Items from a dataset
┌────────

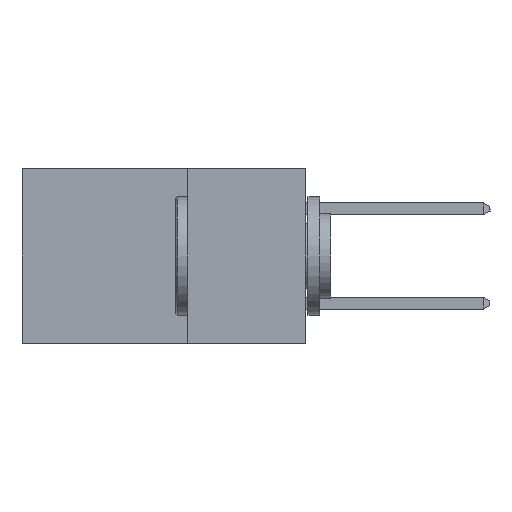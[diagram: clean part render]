
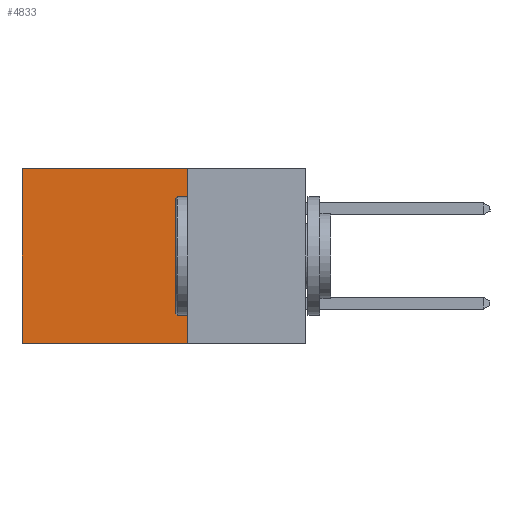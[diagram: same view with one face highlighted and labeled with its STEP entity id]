
A CAD part, left-side view. The second image highlights one B-rep face of the part: STEP entity #4833.
In plain terms, the highlighted planar face has unit normal (-1, 0, 0).
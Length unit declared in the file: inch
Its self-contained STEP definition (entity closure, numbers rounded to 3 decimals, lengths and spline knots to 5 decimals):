
#1061 = ORIENTED_EDGE ( 'NONE', *, *, #2017, .F. ) ;
#1064 = ORIENTED_EDGE ( 'NONE', *, *, #6176, .F. ) ;
#1374 = CARTESIAN_POINT ( 'NONE',  ( 0.298, 0.6, -0.37 ) ) ;
#2001 = VERTEX_POINT ( 'NONE', #5488 ) ;
#2017 = EDGE_CURVE ( 'NONE', #2001, #9496, #24938, .T. ) ;
#2242 = CARTESIAN_POINT ( 'NONE',  ( 0.298, 0.25, 0. ) ) ;
#4394 = EDGE_LOOP ( 'NONE', ( #9244, #1061, #1064, #14777 ) ) ;
#4833 = ADVANCED_FACE ( 'NONE', ( #20054 ), #23789, .F. ) ;
#4976 = VECTOR ( 'NONE', #14492, 39.37008 ) ;
#5488 = CARTESIAN_POINT ( 'NONE',  ( 0.298, 0.25, -0.37 ) ) ;
#6176 = EDGE_CURVE ( 'NONE', #6440, #2001, #18672, .T. ) ;
#6440 = VERTEX_POINT ( 'NONE', #23433 ) ;
#6885 = VECTOR ( 'NONE', #12669, 39.37008 ) ;
#7199 = DIRECTION ( 'NONE',  ( 0., 1., 0. ) ) ;
#8768 = CARTESIAN_POINT ( 'NONE',  ( 0.298, 0.25, 0. ) ) ;
#9244 = ORIENTED_EDGE ( 'NONE', *, *, #17384, .T. ) ;
#9496 = VERTEX_POINT ( 'NONE', #1374 ) ;
#10854 = CARTESIAN_POINT ( 'NONE',  ( 0.298, 0.6, 0. ) ) ;
#11389 = AXIS2_PLACEMENT_3D ( 'NONE', #8768, #19217, #19748 ) ;
#11751 = CARTESIAN_POINT ( 'NONE',  ( 0.298, 0.6, 0. ) ) ;
#12669 = DIRECTION ( 'NONE',  ( 0., 0., -1. ) ) ;
#13961 = VECTOR ( 'NONE', #7199, 39.37008 ) ;
#14492 = DIRECTION ( 'NONE',  ( 0., 1., 0. ) ) ;
#14777 = ORIENTED_EDGE ( 'NONE', *, *, #23257, .T. ) ;
#17164 = VECTOR ( 'NONE', #18055, 39.37008 ) ;
#17384 = EDGE_CURVE ( 'NONE', #18766, #9496, #22640, .T. ) ;
#18055 = DIRECTION ( 'NONE',  ( 0., 0., -1. ) ) ;
#18672 = LINE ( 'NONE', #2242, #6885 ) ;
#18766 = VERTEX_POINT ( 'NONE', #10854 ) ;
#19217 = DIRECTION ( 'NONE',  ( 1., 0., 0. ) ) ;
#19748 = DIRECTION ( 'NONE',  ( 0., 0., -1. ) ) ;
#20054 = FACE_OUTER_BOUND ( 'NONE', #4394, .T. ) ;
#20955 = LINE ( 'NONE', #24764, #4976 ) ;
#21992 = CARTESIAN_POINT ( 'NONE',  ( 0.298, 0.25, -0.37 ) ) ;
#22640 = LINE ( 'NONE', #11751, #17164 ) ;
#23257 = EDGE_CURVE ( 'NONE', #6440, #18766, #20955, .T. ) ;
#23433 = CARTESIAN_POINT ( 'NONE',  ( 0.298, 0.25, 0. ) ) ;
#23789 = PLANE ( 'NONE',  #11389 ) ;
#24764 = CARTESIAN_POINT ( 'NONE',  ( 0.298, 0.25, 0. ) ) ;
#24938 = LINE ( 'NONE', #21992, #13961 ) ;
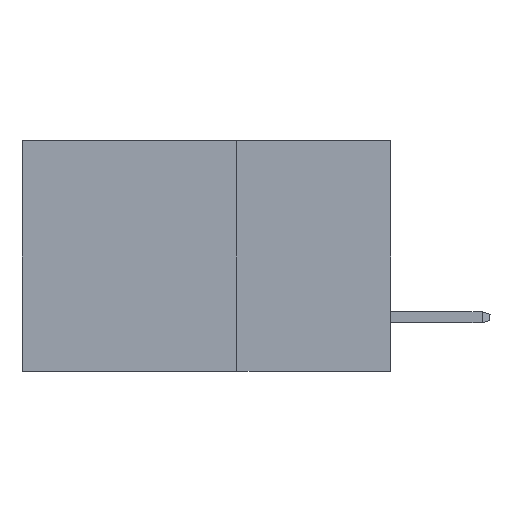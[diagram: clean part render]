
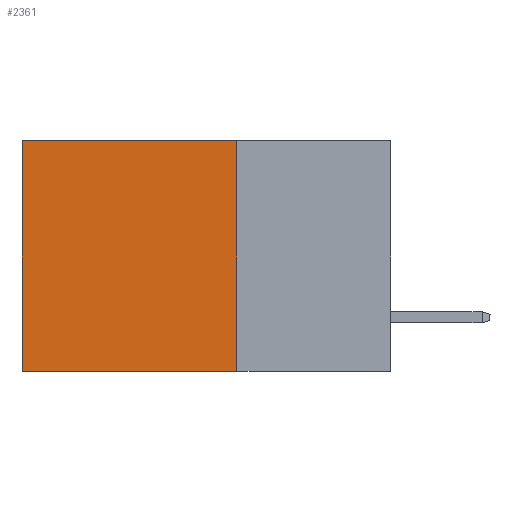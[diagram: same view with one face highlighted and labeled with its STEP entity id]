
A CAD part, left-side view. The second image highlights one B-rep face of the part: STEP entity #2361.
In plain terms, the highlighted planar face has unit normal (-1, 0, 0).
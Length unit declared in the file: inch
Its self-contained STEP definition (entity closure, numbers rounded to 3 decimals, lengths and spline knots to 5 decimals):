
#74 = VECTOR ( 'NONE', #2133, 39.37008 ) ;
#339 = DIRECTION ( 'NONE',  ( 0., 0., -1. ) ) ;
#631 = FACE_OUTER_BOUND ( 'NONE', #13725, .T. ) ;
#1496 = EDGE_CURVE ( 'NONE', #13086, #10473, #12467, .T. ) ;
#1793 = CARTESIAN_POINT ( 'NONE',  ( 0.2875, 0.25, -0.375 ) ) ;
#2090 = EDGE_CURVE ( 'NONE', #7198, #10473, #5098, .T. ) ;
#2133 = DIRECTION ( 'NONE',  ( 0., 1., 0. ) ) ;
#2361 = ADVANCED_FACE ( 'NONE', ( #631 ), #11791, .F. ) ;
#2476 = LINE ( 'NONE', #4729, #6846 ) ;
#3391 = VECTOR ( 'NONE', #7876, 39.37008 ) ;
#4215 = ORIENTED_EDGE ( 'NONE', *, *, #12946, .F. ) ;
#4381 = AXIS2_PLACEMENT_3D ( 'NONE', #1793, #10345, #339 ) ;
#4729 = CARTESIAN_POINT ( 'NONE',  ( 0.2875, 0.25, -0.375 ) ) ;
#4799 = VERTEX_POINT ( 'NONE', #5618 ) ;
#5098 = LINE ( 'NONE', #12900, #11576 ) ;
#5618 = CARTESIAN_POINT ( 'NONE',  ( 0.2875, 0.25, 0. ) ) ;
#5989 = DIRECTION ( 'NONE',  ( 0., 0., -1. ) ) ;
#6568 = ORIENTED_EDGE ( 'NONE', *, *, #1496, .F. ) ;
#6846 = VECTOR ( 'NONE', #5989, 39.37008 ) ;
#7198 = VERTEX_POINT ( 'NONE', #8860 ) ;
#7373 = DIRECTION ( 'NONE',  ( 0., 0., -1. ) ) ;
#7876 = DIRECTION ( 'NONE',  ( 0., 1., 0. ) ) ;
#8860 = CARTESIAN_POINT ( 'NONE',  ( 0.2875, 0.6, 0. ) ) ;
#10345 = DIRECTION ( 'NONE',  ( 1., 0., 0. ) ) ;
#10473 = VERTEX_POINT ( 'NONE', #12875 ) ;
#10656 = CARTESIAN_POINT ( 'NONE',  ( 0.2875, 0.25, -0.375 ) ) ;
#11025 = CARTESIAN_POINT ( 'NONE',  ( 0.2875, 0.25, 0. ) ) ;
#11172 = EDGE_CURVE ( 'NONE', #4799, #7198, #12190, .T. ) ;
#11576 = VECTOR ( 'NONE', #7373, 39.37008 ) ;
#11791 = PLANE ( 'NONE',  #4381 ) ;
#12190 = LINE ( 'NONE', #11025, #74 ) ;
#12467 = LINE ( 'NONE', #13555, #3391 ) ;
#12634 = ORIENTED_EDGE ( 'NONE', *, *, #11172, .T. ) ;
#12875 = CARTESIAN_POINT ( 'NONE',  ( 0.2875, 0.6, -0.375 ) ) ;
#12900 = CARTESIAN_POINT ( 'NONE',  ( 0.2875, 0.6, -0.375 ) ) ;
#12946 = EDGE_CURVE ( 'NONE', #4799, #13086, #2476, .T. ) ;
#13086 = VERTEX_POINT ( 'NONE', #10656 ) ;
#13518 = ORIENTED_EDGE ( 'NONE', *, *, #2090, .T. ) ;
#13555 = CARTESIAN_POINT ( 'NONE',  ( 0.2875, 0.25, -0.375 ) ) ;
#13725 = EDGE_LOOP ( 'NONE', ( #13518, #6568, #4215, #12634 ) ) ;
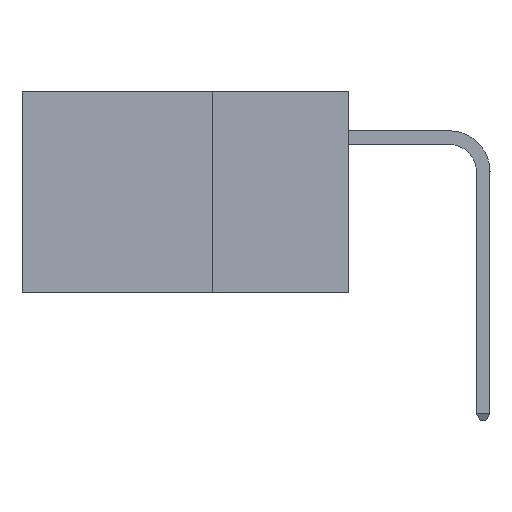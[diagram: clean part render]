
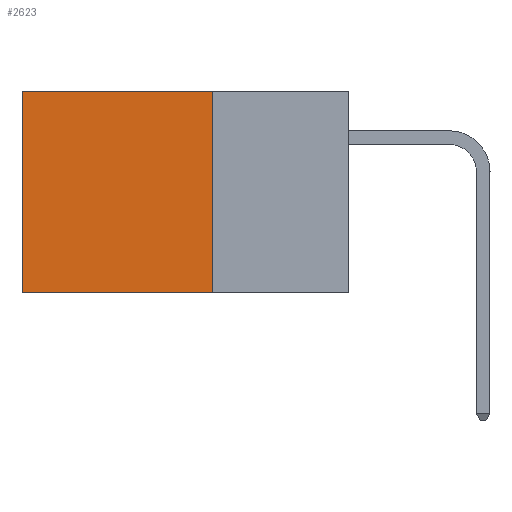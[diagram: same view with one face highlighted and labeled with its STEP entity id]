
A CAD part, left-side view. The second image highlights one B-rep face of the part: STEP entity #2623.
In plain terms, the highlighted planar face has unit normal (-1, 0, 0).
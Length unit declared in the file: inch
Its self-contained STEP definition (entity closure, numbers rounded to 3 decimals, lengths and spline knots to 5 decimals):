
#65 = PLANE ( 'NONE',  #16703 ) ;
#685 = EDGE_CURVE ( 'NONE', #5676, #15614, #16072, .T. ) ;
#888 = CARTESIAN_POINT ( 'NONE',  ( 0.2875, 0.25, -0.37 ) ) ;
#1685 = LINE ( 'NONE', #12060, #8061 ) ;
#2623 = ADVANCED_FACE ( 'NONE', ( #10730 ), #65, .F. ) ;
#2797 = CARTESIAN_POINT ( 'NONE',  ( 0.2875, 0.6, 0. ) ) ;
#3074 = EDGE_CURVE ( 'NONE', #14220, #5676, #1685, .T. ) ;
#3084 = VECTOR ( 'NONE', #14270, 39.37008 ) ;
#3350 = DIRECTION ( 'NONE',  ( 0., 0., -1. ) ) ;
#4287 = ORIENTED_EDGE ( 'NONE', *, *, #4540, .F. ) ;
#4376 = EDGE_CURVE ( 'NONE', #17453, #15614, #14077, .T. ) ;
#4540 = EDGE_CURVE ( 'NONE', #14220, #17453, #7182, .T. ) ;
#4625 = VECTOR ( 'NONE', #8269, 39.37008 ) ;
#4781 = DIRECTION ( 'NONE',  ( 0., 1., 0. ) ) ;
#5318 = ORIENTED_EDGE ( 'NONE', *, *, #3074, .T. ) ;
#5676 = VERTEX_POINT ( 'NONE', #7471 ) ;
#6261 = DIRECTION ( 'NONE',  ( 1., 0., 0. ) ) ;
#7182 = LINE ( 'NONE', #14359, #3084 ) ;
#7471 = CARTESIAN_POINT ( 'NONE',  ( 0.2875, 0.6, 0. ) ) ;
#8061 = VECTOR ( 'NONE', #4781, 39.37008 ) ;
#8269 = DIRECTION ( 'NONE',  ( 0., 1., 0. ) ) ;
#9499 = CARTESIAN_POINT ( 'NONE',  ( 0.2875, 0.25, 0. ) ) ;
#9553 = ORIENTED_EDGE ( 'NONE', *, *, #4376, .F. ) ;
#10077 = DIRECTION ( 'NONE',  ( 0., 0., -1. ) ) ;
#10730 = FACE_OUTER_BOUND ( 'NONE', #14315, .T. ) ;
#10827 = CARTESIAN_POINT ( 'NONE',  ( 0.2875, 0.25, -0.37 ) ) ;
#11514 = CARTESIAN_POINT ( 'NONE',  ( 0.2875, 0.6, -0.37 ) ) ;
#12060 = CARTESIAN_POINT ( 'NONE',  ( 0.2875, 0.25, 0. ) ) ;
#13913 = VECTOR ( 'NONE', #10077, 39.37008 ) ;
#14077 = LINE ( 'NONE', #888, #4625 ) ;
#14220 = VERTEX_POINT ( 'NONE', #9499 ) ;
#14270 = DIRECTION ( 'NONE',  ( 0., 0., -1. ) ) ;
#14315 = EDGE_LOOP ( 'NONE', ( #17378, #9553, #4287, #5318 ) ) ;
#14359 = CARTESIAN_POINT ( 'NONE',  ( 0.2875, 0.25, 0. ) ) ;
#15614 = VERTEX_POINT ( 'NONE', #11514 ) ;
#16072 = LINE ( 'NONE', #2797, #13913 ) ;
#16703 = AXIS2_PLACEMENT_3D ( 'NONE', #17980, #6261, #3350 ) ;
#17378 = ORIENTED_EDGE ( 'NONE', *, *, #685, .T. ) ;
#17453 = VERTEX_POINT ( 'NONE', #10827 ) ;
#17980 = CARTESIAN_POINT ( 'NONE',  ( 0.2875, 0.25, 0. ) ) ;

└────────

* _WORK ORDER_
All that is needed is an exact copy of the lines from the top of the entries through the line containing "#2001 = VERTEX_POINT ( 'NONE', #5488 ) ;", pictures left out.

* _WRITTEN SOLUTION_
[diagram: clean part render]
[diagram: same view with one face highlighted and labeled with its STEP entity id]
A CAD part, left-side view. The second image highlights one B-rep face of the part: STEP entity #4833.
In plain terms, the highlighted planar face has unit normal (-1, 0, 0).
Length unit declared in the file: inch
Its self-contained STEP definition (entity closure, numbers rounded to 3 decimals, lengths and spline knots to 5 decimals):
#1061 = ORIENTED_EDGE ( 'NONE', *, *, #2017, .F. ) ;
#1064 = ORIENTED_EDGE ( 'NONE', *, *, #6176, .F. ) ;
#1374 = CARTESIAN_POINT ( 'NONE',  ( 0.298, 0.6, -0.37 ) ) ;
#2001 = VERTEX_POINT ( 'NONE', #5488 ) ;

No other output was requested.